Following their 2016 study, which identified the first-known UHS biallelic genetic variants, investigators were contacted by many clinicians and patients with information on additional possible UHS cases. They conducted a molecular genetic analysis using Sanger sequencing, and performed haplotype analyses for the 4 most commonly observed pathogenic variants in PAD13 using single-nucleotide polymorphism (SNP) chip data.

Investigators received EDTA blood samples, saliva and DNA from 89 unrelated index patients, and obtained DNA to screen an affected sibling or parent in 7 and 2 families, respectively.

In addition to the 18 patients with UHS from the 2016 study, investigators performed genetic screening on 89 unrelated individuals with suspected UHS (69 women and 20 men) and identified pathogenic variants in 69 of them: 67 with recurrent and/or novel pathogenic variants of PAD13 in either a homozygous or compound heterozygous state, and 2 who carried previously unreported compound heterozygous pathogenic variants in either TGM3 or TCHH. In 11 individuals with newly-discovered variants, there were 8 previously unreported pathogenic variants of PAD13, expanding the UHS spectrum of PAD13 to include 12 pathogenic variants in individuals from 20 countries.
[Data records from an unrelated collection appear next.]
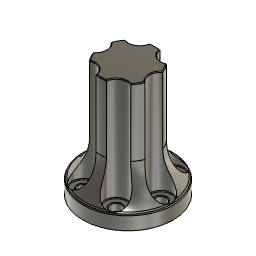
Motor_Shaft v4 (Autodesk Fusion 360 archive; units mm, degrees)
design "Motor_Shaft v4" references "Spring Washer BS 4464 - M4 - Type B Steel 100 HV Plain", "Forged Hexagon Socket Head Cap Screw ANSI B18.3.1M - M4x0.7 x 12 Steel Grade 8 Plain"
Autodesk Fusion 360 part; units mm, degrees
sketch "Sketch1" plane through (0, 0, 0) normal (0, 0, 1) x (1, 0, 0)
  circle A0 centre (0, 0) radius 16.5
  dimension "d1" = 33
  constraint coincident A0.centre origin
  measures "d1" diameter of A0
extrude "Extrude1" add sketch "Sketch1" along normal blind 5
sketch "Sketch2" plane through (0, 0, 5) normal (0, 0, 1) x (-1, 0, 0)
  circle A0 centre (0, 0) radius 16.5
  circle A1 centre (0, 0) radius 12 construction
  circle A2 centre (12, 0) radius 2.075
  circle A3 centre (6, 10.3923) radius 2.075
  circle A4 centre (-6, 10.3923) radius 2.075
  circle A5 centre (-12, 0) radius 2.075
  circle A6 centre (-6, -10.3923) radius 2.075
  circle A7 centre (6, -10.3923) radius 2.075
  circle A8 centre (0, 0) radius 10
  circle A9 centre (12, 0) radius 4.125
  circle A10 centre (6, 10.3923) radius 4.125
  circle A11 centre (-6, 10.3923) radius 4.125
  circle A12 centre (-12, 0) radius 4.125
  circle A13 centre (-6, -10.3923) radius 4.125
  circle A14 centre (6, -10.3923) radius 4.125
  dimension "d4" = 24
  dimension "d5" = 4.15
  dimension "d7" = 360
  dimension "d10" = 20
  dimension "d15" = 8.25
  dimension "d17" = 360
  constraint coincident A0.centre A1.centre
  constraint coincident A1 A2.centre
  constraint concentric A1 A8
  constraint concentric A2 A9
  measures "d4" diameter of A1
  measures "d5" diameter of A2
  measures "d10" diameter of A8
  measures "d15" diameter of A9
extrude "Extrude2" cut sketch "Sketch2" against normal blind 5.5 contours A2 A8 | A2 A8 | A3 A8 | A3 A8 | A7 A8 | A7 A8 | A4 A8 | A4 A8 | A6 A8 | A6 A8 | A5 A8 | A5 A8
extrude "Extrude3" add sketch "Sketch2" along normal blind 37 contours A2 A8 | A2 A8 A9 | A8 A9 A10 A11 A12 A13 A14 | A3 A8 A10 | A7 A8 A14 | A3 A8 | A7 A8 | A4 A8 A11 | A6 A8 A13 | A4 A8 | A6 A8 | A5 A8 A12 | A5 A8 picked at (9.9547, 0.1408) picked at (9.3357, 1.1161) picked at (3.7013, 8.643) picked at (3.7013, -8.643) picked at (4.987, 8.6378) picked at (4.987, -8.6378) picked at (-3.7013, 8.643) picked at (-3.7013, -8.643) picked at (-4.987, 8.6378) picked at (-4.987, -8.6378) picked at (-9.2988, 0.9985) picked at (-9.9741, 0)
sketch "Sketch3" plane through (0, 0, 0) normal (0, 1, 0) x (1, 0, 0)
  line L0 (-10, -5) -> (-16.5, -5)
  line L1 (-10, -5) -> (-10, -10)
  line L2 (-10, -10) -> (-16.5, -5)
  arc A0 (-10, -10) -> (-16.5, -5) centre (-15.1731, -10) ccw
  point P0 (-16.5, -5)
  point P1 (-9.9873, -5)
  point P2 (-9.9873, -5)
  dimension "d13" = 5
  constraint coincident P0 L0.end
  constraint perpendicular L0 L1
  constraint tangent L1 A0
  measures "d13" distance of L0.start L1.end
revolve "Revolve1" add sketch "Sketch3" angle 360 about axis through (0, 0, 1.75) along (0, 0, 1) contours L0 L1 A0 | L0 L2 A0
extrude "Extrude4" cut sketch "Sketch2" along normal blind 37 and the other way blind 1 contours A2 A8 | A2 A8 A9 | A2 A8 | A2 A8 A9 | A3 A8 A10 | A3 A8 A10 | A7 A8 A14 | A7 A8 A14 | A3 A8 | A3 A8 | A7 A8 | A7 A8 | A4 A8 A11 | A4 A8 A11 | A6 A8 A13 | A6 A8 A13 | A4 A8 | A4 A8 | A6 A8 | A6 A8 | A5 A8 A12 | A5 A8 A12 | A5 A8 | A5 A8
fillet "Fillet1" radius 15 6 edges at (0, -10, 10) (8.6603, -5, 10) (8.6603, 5, 10) (-8.6603, -5, 10) (-8.6603, 5, 10) (0, 10, 10)
sketch "Sketch4" plane through (0, 0, 0) normal (0, 0, -1) x (1, 0, 0)
  circle A0 centre (0, 0) radius 16.5
  circle A1 centre (0, 0) radius 15.25
  circle A2 centre (12, 0) radius 2.075
  circle A3 centre (-12, 0) radius 2.075
  circle A4 centre (6, 10.3923) radius 2.075
  circle A5 centre (6, -10.3923) radius 2.075
  circle A6 centre (-6, -10.3923) radius 2.075
  circle A7 centre (-6, 10.3923) radius 2.075
  dimension "d25" = 30.5
  constraint coincident A0.centre A1.centre
  measures "d25" diameter of A1
extrude "Extrude5" cut sketch "Sketch4" against normal blind 1 contours A1 | A2 | A3 | A4 | A5 | A6 | A7
chamfer "Chamfer1" distance 0.25 angle 45 1 faces at (-1.4005, 2.3241, 42)
chamfer "Chamfer1" distance 0.25 angle 45 6 faces at (3.9353, 10.5989, 3) (9.9353, 0.2066, 3) (-8.0647, 10.5989, 3) (-14.0647, 0.2066, 3) (3.9353, -10.1857, 3) (-8.0647, -10.1857, 3)
fillet "Fillet2" radius 0.25 1 edges at (-14.218, -5.5146, 1)
fillet "Fillet2" radius 0.5 1 edges at (-15.3834, -5.9667, 5)
fillet "Fillet2" radius 0.25 6 edges at (-2.1541, -11.884, 4) (9.8459, -11.884, 4) (-8.1541, -1.4917, 4) (-2.1541, 8.9006, 4) (9.8459, 8.9006, 4) (15.8459, -1.4917, 4)
thread "Thread1" [rolled back] thread offset 0 thread length 10
other "Washer7"
other "Washer8"
other "Washer9"
other "Washer10"
other "Washer11"
other "Washer12"
other "Screw13"
other "Screw14"
other "Screw15"
other "Screw16"
other "Screw17"
other "Screw18"

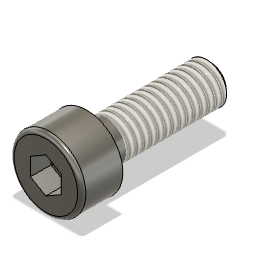
design "Forged Hexagon Socket Head Cap Screw ANSI B18.3.1M - M4x0.7 x 12 Steel Grade 8 Plain"
description: Forged Hexagon Socket Head Cap Screw ANSI B18.3.1M - M4x0.7 x 12
Autodesk Fusion 360 part; units mm, degrees
sketch "Sketch1" plane through (0, 0, 0) normal (0, 1, 0) x (1, 0, 0)
  line L0 (-2, 0) -> (-2, 12)
  line L1 (-2, 12) -> (0, 12)
  line L2 (0, 12) -> (0, -4)
  line L3 (-2, 0) -> (-3.5, 0)
  line L4 (-3.5, 0) -> (-3.5, -4)
  line L5 (-3.5, -4) -> (0, -4)
  dimension "d9" = 4
  dimension "d66" = 7
  dimension "d68" = 12
  dimension "d79" = 4
  constraint perpendicular L0 L1
  constraint collinear origin L1.end L2.end
  constraint perpendicular L0 L3
  constraint coincident origin L3
  constraint vertical L0
  constraint vertical L2
  constraint parallel L2 L4
  constraint coincident L2 L5.end
  constraint perpendicular L2 L5
  measures "d68" distance of origin L1.end
  measures "d79" distance of L3.end L4.end
revolve "Revolve1" add sketch "Sketch1" angle 360 about axis through (0, 0, -12) along (0, 0, 1)
ref_plane "WorkPlane1" through (0, 0, 4) normal (0, 0, 1) x (1, 0, 0)
sketch "Sketch6" plane through (0, 0, 4) normal (0, 0, 1) x (1, 0, 0)
  line L0 (-1.5, 0) -> (1.5, 0) construction
  line L1 (0, 0) -> (-1.5, 0.866)
  line L2 (-1.5, -0.866) -> (-1.5, 0.866)
  line L3 (-1.5, -0.866) -> (0, 0)
  dimension "d72" = 3
  dimension "d100" = 150
  constraint horizontal L0
  constraint midpoint L1.start L0
  constraint coincident L1.start L3.end
  constraint perpendicular L0 L2
  constraint midpoint L0.start L2
  constraint coincident L1.end L2.end
  measures "d72" distance of L0.start L0.end
  measures "d100" angle of L0 L1
extrude "Extrude1" cut sketch "Sketch6" against normal blind 2
pattern_circular "C-Pattern1" count 6 over 360 about axis through (0, 0, 1.75) along (0, 0, 1) of "Extrude1"
extrude "Extrude2" cut 1 faces at (0, -0.5774, 2) along direction (0, 0, -1) blind 2 draft -85
thread "Thread2" "ANSI Metric M Profile 4.0 M4x0.7 4g6g" major diameter 3.908 minor diameter 3.128 pitch 0.7 angle 60 resizes the face on face at (-1.9975, 0.0997, -8) from (0, 0, -1.8294) to (0, 0, -12)
fillet "Fillet4" radius 0.4 1 edges at (-3.2631, 1.2657, 4)
sketch "Sketch7" plane through (0, 0, 0) normal (0, 1, 0) x (1, 0, 0)
  line L0 (-2.04, 12) -> (-2.04, 11.5706)
  line L1 (-2.04, 11.5706) -> (-1.5706, 12)
  line L2 (0, 12) -> (0, -4)
  line L3 (-2.04, 12) -> (0, 12)
  dimension "d92" = 0.4294
  dimension "d98" = 1.5706
  dimension "d99" = 2.04
  constraint coincident L2.start L3.end
  constraint perpendicular L2 L3
  constraint coincident L1.end L3
  constraint perpendicular L0 L3
  measures "d92" vertical distance of L0.end L1.end
  measures "d98" horizontal distance of origin L1.end
  measures "d99" distance of origin L0
revolve "Revolve3" cut sketch "Sketch7" angle 360 about axis through (0, 0, 1.75) along (0, 0, 1)
equation "d9 = adsk_nomdia"
equation "adsk_nomlen = 12.00 mm"
equation "adsk_headh = 4.00 mm"
equation "adsk_headdia = 7.00 mm"
equation "adsk_nomdia = 4.00 mm"
equation "adsk_philwidth = 3.00 mm"
equation "d31 = -adsk_phildepth"
equation "adsk_phildepth = 2.00 mm"
equation "d66 = adsk_headdia"
equation "d68 = adsk_nomlen"
equation "d71 = adsk_headh"
equation "d72 = adsk_philwidth"
equation "d76 = -adsk_phildepth"
equation "d79 = adsk_headh"
equation "adsk_thrlen = 10.170585 mm"
equation "d84 = adsk_thrlen"
equation "d86 = adsk_nomdia * 0.1"
equation "d92 = adsk_startlen"
equation "adsk_startlen = 0.429415 mm"
equation "adsk_endpointdia = 3.14117 mm"
equation "d98 = adsk_endpointdia / 2"
equation "d99 = adsk_nomdia * 0.51"

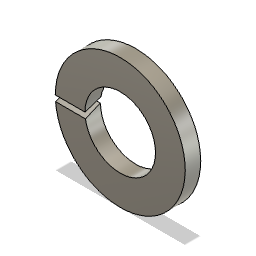
design "Spring Washer BS 4464 - M4 - Type B Steel 100 HV Plain"
description: Spring Washer BS 4464 - M4 - Type B
Autodesk Fusion 360 part; units mm, degrees
sketch "Sketch1" plane through (0, 0, 0) normal (0, 0, 1) x (1, 0, 0)
  circle A0 centre (0, 0) radius 3.775
  circle A1 centre (0, 0) radius 2.05
  dimension "d4" = 7.55
  dimension "d5" = 4.1
  constraint coincident A0.centre A1.centre
  measures "d4" diameter of A0
  measures "d5" diameter of A1
extrude "Extrude1" add sketch "Sketch1" along normal blind 0.9
ref_plane "WorkPlane1" through (12.125, 0, 0) normal (0, -0.34202, 0.939693) x (1, 0, 0)
ref_plane "WorkPlane2" through (12.125, -0.1539, 0.4229) normal (0, -0.34202, 0.939693) x (1, 0, 0)
sketch "Sketch2" plane through (12.125, -0.1539, 0.4229) normal (0, -0.34202, 0.939693) x (1, 0, 0)
  ellipse E0 centre (-12.125, 0.3078) end of major axis (-8.35, 0.3078) minor radius 3.5473
  ellipse E1 centre (-12.125, 0) end of major axis (-8.35, 0) minor radius 3.5473
  line L0 (-12.125, 0.3078) -> (-12.125, 0)
  line L1 (-12.125, 0.3078) -> (-16.051, 0.3078)
  line L2 (-12.125, 0) -> (-16.051, 0)
  line L3 (-16.051, 0) -> (-16.051, 0.3078)
  dimension "d15" = 3.926
  constraint coincident E0.centre L0.start
  constraint coincident E1.centre L0.end
  constraint perpendicular L0 L1
  constraint perpendicular L0 L2
  constraint vertical L3
  measures "d15" distance of L0 L3
extrude "Extrude2" cut sketch "Sketch2" along normal through all and the other way through all contours E0 E1 L1 | E0 E1 L1 L2 L3 | E0 E1 L0 L1 L2 | E0 E1 L2 picked at (-15.8916, 0.295) picked at (-13.3786, 0.1026) picked at (-15.8916, 0.0128)
equation "adsk_woutdia = 7.55 mm"
equation "adsk_windia = 4.10 mm"
equation "adsk_wthick = 0.90 mm"
equation "d4 = adsk_woutdia"
equation "d5 = adsk_windia"
equation "d6 = adsk_wthick"
equation "d13 = adsk_wthick / 2"
equation "d15 = adsk_woutdia * 0.52"
equation "d34 = adsk_wthick"
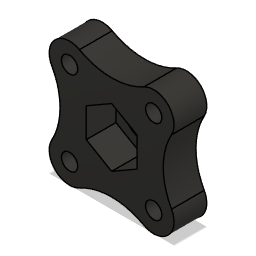
nut retainer v1 (Autodesk Fusion 360 design; units mm, degrees)
Autodesk Fusion 360 part; units mm, degrees
sketch "Sketch1" plane through (0, 0, 0) normal (0, 0, 1) x (1, 0, 0)
  line L0 (-14.1421, 14.1421) -> (14.1421, -14.1421) construction
  line L1 (14.1421, 14.1421) -> (-14.1421, -14.1421) construction
  line L2 (0, 0) -> (-12, 0) construction
  circle A0 centre (14.1421, 14.1421) radius 6.85
  circle A1 centre (-14.1421, 14.1421) radius 6.85
  circle A2 centre (-14.1421, -14.1421) radius 6.85
  circle A3 centre (14.1421, -14.1421) radius 6.85
  line L3 (-17.35, 0) -> (17.35, 0) construction
  arc A4 (-20.14, -10.8333) -> (-20.14, 10.8333) centre (-39.7775, 0) ccw
  arc A5 (-10.8333, 20.14) -> (10.8333, 20.14) centre (0, 39.7775) ccw
  arc A6 (20.14, 10.8333) -> (20.14, -10.8333) centre (39.7775, 0) ccw
  arc A7 (10.8333, -20.14) -> (-10.8333, -20.14) centre (0, -39.7775) ccw
  line L4 (-8.55, -4.9363) -> (0, -9.8727)
  line L5 (0, -9.8727) -> (8.55, -4.9363)
  line L6 (8.55, -4.9363) -> (8.55, 4.9363)
  line L7 (8.55, 4.9363) -> (0, 9.8727)
  line L8 (0, 9.8727) -> (-8.55, 4.9363)
  line L9 (-8.55, 4.9363) -> (-8.55, -4.9363)
  circle A8 centre (-14.1421, 14.1421) radius 2.75
  circle A9 centre (-14.1421, -14.1421) radius 2.75
  circle A10 centre (14.1421, -14.1421) radius 2.75
  circle A11 centre (14.1421, 14.1421) radius 2.75
  circle A12 centre (14.1421, 14.1421) radius 5
  circle A13 centre (14.1421, -14.1421) radius 5
  circle A14 centre (-14.1421, -14.1421) radius 5
  circle A15 centre (-14.1421, 14.1421) radius 5
  circle A16 centre (0, 0) radius 5.5
  dimension "d1" = 45
  dimension "d2" = 40
  dimension "d3" = 13.7
  dimension "d4" = 34.7
  dimension "d5" = 17.1
  dimension "d6" = 5.5
  dimension "d9" = 10
  dimension "d10" = 10
  dimension "d11" = 10
  dimension "d12" = 10
  dimension "d15" = 11
  constraint midpoint L0 L2.start
  constraint midpoint L1 L2.start
  constraint coincident L2.start A16.centre
  constraint horizontal L2
  constraint perpendicular L0 L1
  constraint equal L0 L1
  constraint coincident L1.start A0.centre
  constraint coincident L0.start A1.centre
  constraint coincident L1.end A2.centre
  constraint coincident L0.end A3.centre
  constraint equal A0 A1
  constraint equal A0 A3
  constraint equal A2 A3
  constraint horizontal L3
  constraint midpoint L2.start L3
  constraint coincident L3.start A4
  constraint coincident A2 A4.start
  constraint coincident A1 A4.end
  constraint tangent A1 A4
  constraint tangent A2 A4
  constraint symmetric L0 A4.end A5.start
  constraint symmetric L0 A4.start A5.end
  constraint symmetric L0 A4 A5
  constraint symmetric L1 A4.end A7.start
  constraint symmetric L1 A4.start A7.end
  constraint symmetric L1 A4 A7
  constraint symmetric L1 A5.end A6.start
  constraint symmetric L1 A5.start A6.end
  constraint symmetric L1 A5 A6
  constraint vertical L6
  constraint concentric A1 A8
  constraint concentric A2 A9
  constraint concentric A3 A10
  constraint concentric A0 A11
  constraint equal A8 A11
  constraint equal A10 A11
  constraint equal A9 A10
  constraint concentric A11 A12
  constraint concentric A10 A13
  constraint concentric A9 A14
  constraint concentric A1 A15
  measures "d1" angle of L0 L2
  measures "d2" distance of L0.start L0.end
  measures "d3" diameter of A0
  measures "d4" distance of L3.start L3.end
  measures "d5" distance of L6 L9
  measures "d6" diameter of A8
  measures "d9" diameter of A12
  measures "d10" diameter of A13
  measures "d11" diameter of A14
  measures "d12" diameter of A15
  measures "d15" diameter of A16
extrude "Extrude1" add sketch "Sketch1" along normal blind 11 contours A0 | A0 A1 A2 A3 A4 A5 A6 A7 | A1 | A3 | A2 | A12 | A13 | A14 | A15 makes body 1
extrude "Extrude2" cut sketch "Sketch1" along normal blind 3 contours A12 | A13 | A14 | A15 bodies 1
extrude "Extrude3" add sketch "Sketch1" along normal blind 1 contours L4 L5 L6 L7 L8 L9 bodies 1
sketch "Sketch2" plane through (0, 0, 3) normal (0, 0, -1) x (-1, 0, 0)
  circle A0 centre (-14.1421, 14.1421) radius 2.75
  circle A1 centre (-14.1421, 14.1421) radius 5
  circle A2 centre (-14.1421, -14.1421) radius 2.75
  circle A3 centre (-14.1421, -14.1421) radius 5
  circle A4 centre (14.1421, -14.1421) radius 2.75
  circle A5 centre (14.1421, -14.1421) radius 5
  circle A6 centre (14.1421, 14.1421) radius 2.75
  circle A7 centre (14.1421, 14.1421) radius 5
  line L0 (-16.8921, 18.318) -> (-16.8921, -18.318)
  line L1 (-11.3921, -18.318) -> (-11.3921, 18.318)
  line L2 (-18.318, 16.8921) -> (18.318, 16.8921)
  line L3 (-18.318, 11.3921) -> (18.318, 11.3921)
  line L4 (11.3921, 18.504) -> (11.3921, -18.318)
  line L5 (16.8921, 18.318) -> (16.8921, -18.318)
  line L6 (18.318, -11.3921) -> (-18.318, -11.3921)
  line L7 (18.318, -16.8921) -> (-18.318, -16.8921)
  constraint coincident A1 L0.start
  constraint coincident A3 L0.end
  constraint vertical L0
  constraint coincident A3 L1.start
  constraint coincident A1 L1.end
  constraint parallel L0 L1
  constraint coincident A1 L2.start
  constraint coincident A7 L2.end
  constraint perpendicular L1 L2
  constraint coincident A1 L3.start
  constraint coincident A7 L3.end
  constraint perpendicular L1 L3
  constraint coincident A5 L4.end
  constraint perpendicular L3 L4
  constraint coincident A7 L5.start
  constraint coincident A5 L5.end
  constraint parallel L4 L5
  constraint coincident A5 L6.start
  constraint coincident A3 L6.end
  constraint coincident A5 L7.start
  constraint coincident A3 L7.end
  constraint parallel L6 L7
  constraint perpendicular L5 L6
  constraint tangent A2 L1
  constraint tangent A2 L6
  constraint tangent A2 L0
  constraint tangent A2 L7
  constraint tangent A4 L4
  constraint tangent A4 L5
  constraint tangent A6 L2
  constraint tangent A6 L3
extrude "Extrude4" cut sketch "Sketch2" against normal blind 0.2 contours A0 L1 L3 | A0 L1 L2 | A0 L0 L2 | A1 L0 L1 L2 | A0 L0 L3 | A1 L0 L1 L3 | A3 L0 L1 L6 | A2 L1 L6 | A7 L3 L4 L5 | A6 L3 L4 | A7 L2 L4 L5 | A6 L2 L4 | A2 L0 L6 | A2 L1 L7 | A5 L4 L5 L6 | A6 L3 L5 | A6 L2 L5 | A2 L0 L7 | A4 L4 L6 | A3 L0 L1 L7 | A5 L4 L5 L7 | A4 L4 L7 | A4 L5 L6 | A4 L5 L7 bodies 1
extrude "Extrude5" cut sketch "Sketch2" against normal blind 0.4 contours A0 L1 L3 | A0 L1 L2 | A0 L0 L2 | A0 L0 L3 | A2 L1 L6 | A6 L3 L4 | A6 L2 L4 | A2 L0 L6 | A2 L1 L7 | A6 L3 L5 | A6 L2 L5 | A2 L0 L7 | A4 L4 L6 | A4 L4 L7 | A4 L5 L6 | A4 L5 L7 bodies 1
copy_body "Body->Comp1" bodies 1 removing the originals makes body 2 in component "nut retainer"
component "nut retainer" placed x (1, 0, 0) y (0, 1, 0) z (0, 0, 1) at (0, 0, 0)
named bodies: "nut retainer"

All individuals with pathogenic variants in PAD13, TGM3 or TCHH showed an autosomal recessive mode of inheritance.

The haplotype analysis for the 4 most common pathogenic PAD13 variants supported the thesis that variants likely descended from a respective common ancestor than from multiple independent occurrences.

The study was limited by the possibility that expression of some known UHS-associated genes remained undetected by the study’s sequencing approaches.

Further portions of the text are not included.